鐵騎在嘶鳴,雪原上的雙方彼此對峙,無言之中,早已注定了生死。
“大哥,怎麽辦?”
蕭涼頂著亮銀頭盔,騎著高頭大馬,望了望身旁的少年。
此時的阿雅穿著一身銀甲,頭戴重簷兜鍪,頂著紅纓盔槍,看去凜然有少年將軍的風範,隻是他望著前方軍陣的臉色卻不太好看。
“大膽流寇,侵擾縣城,按律當斬!”一名千戶挺著長槍,槍尖指著阿雅大罵道。
阿雅沒有回話,隻是看了看身後的人。
在他身後,大約有五百人,當中大半是塔塔人的戰士,剩下的一小部分,則是他們殺入古台家後自願投靠而來的,大約有二百人。
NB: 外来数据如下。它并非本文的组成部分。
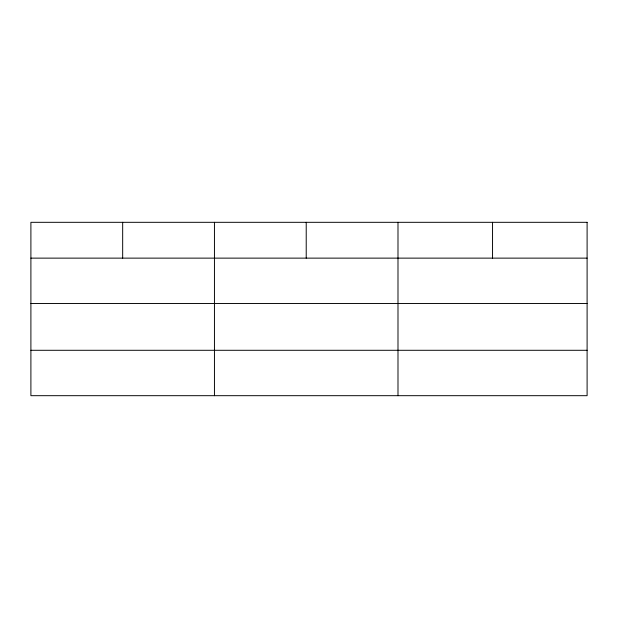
<?xml version="1.0" encoding="UTF-8"?>
<svg xmlns="http://www.w3.org/2000/svg" width="618" height="618" viewBox="0 0 618 618"><rect width="100%" height="100%" fill="white"/><g stroke="black" fill="none" stroke-linecap="round" stroke-linejoin="round"><path stroke-width="0.93" d="M30.9 258.131L587.1 258.131M30.9 303.523L587.1 303.523M30.9 350.29L587.1 350.29M492.546 222.318L492.546 258.131M397.992 222.318L397.992 395.682M306.219 222.318L306.219 258.131M214.446 222.318L214.446 395.682M122.673 222.318L122.673 258.131M587.1 222.318L30.9 222.318L30.9 395.682L587.1 395.682L587.1 222.318"/></g></svg>

姑臧城中,受到古台壓迫的不在少數,蕭涼等混混當初也認識城中的不少亡命之徒,這些人有的是走投無路,有的是利欲熏心,總而言之,在阿雅帶人打入古台家後,很快就投靠了他。
世上的事有時就這麽簡單,他手裏有錢,總能招募到那些亡命之徒,若是他再大膽些,甚至能雇傭上千人。
但是他不會這樣做,他不會忘記當初父親被征召去前線時自己的哭喊,和隨後而來的淩辱。北國是個冰冷的世界,不但天氣寒冷,人心也是一樣,當他的家庭失去父親後,他就要成為這個家庭的父親,而當一個縣城失去它的主人後,他也要成為這個縣城的主人。
他是亡命之徒,當他決定走這條路時,就已經將自己的性命置之度外。但他殺人,搶劫,甚至造反,不是為了自己的享受,更不是為了功成名就。他這麽做,隻是因為他想改變這個世界,改變北國所有的不公和欺淩,哪怕是用鐵與血。
沒有毀滅,就沒有新生。舊瓶不能裝新酒,要破滅的,就盡他破滅好了。
長弓搭起,鐵騎飛馳,隨著千戶一聲令下,數千天府鐵騎已是朝著他們衝來。
阿雅抽出了手中的劍,喊道:“殺!”
“殺!”
“殺!”
雖然隻有五百人,可看到阿雅衝上去後,蕭涼、達歌等人也瘋了般衝上去。塔塔人的首領奎木見此,也轉身對身後的塔塔戰士喊道:“殺了這些蔑乞人!”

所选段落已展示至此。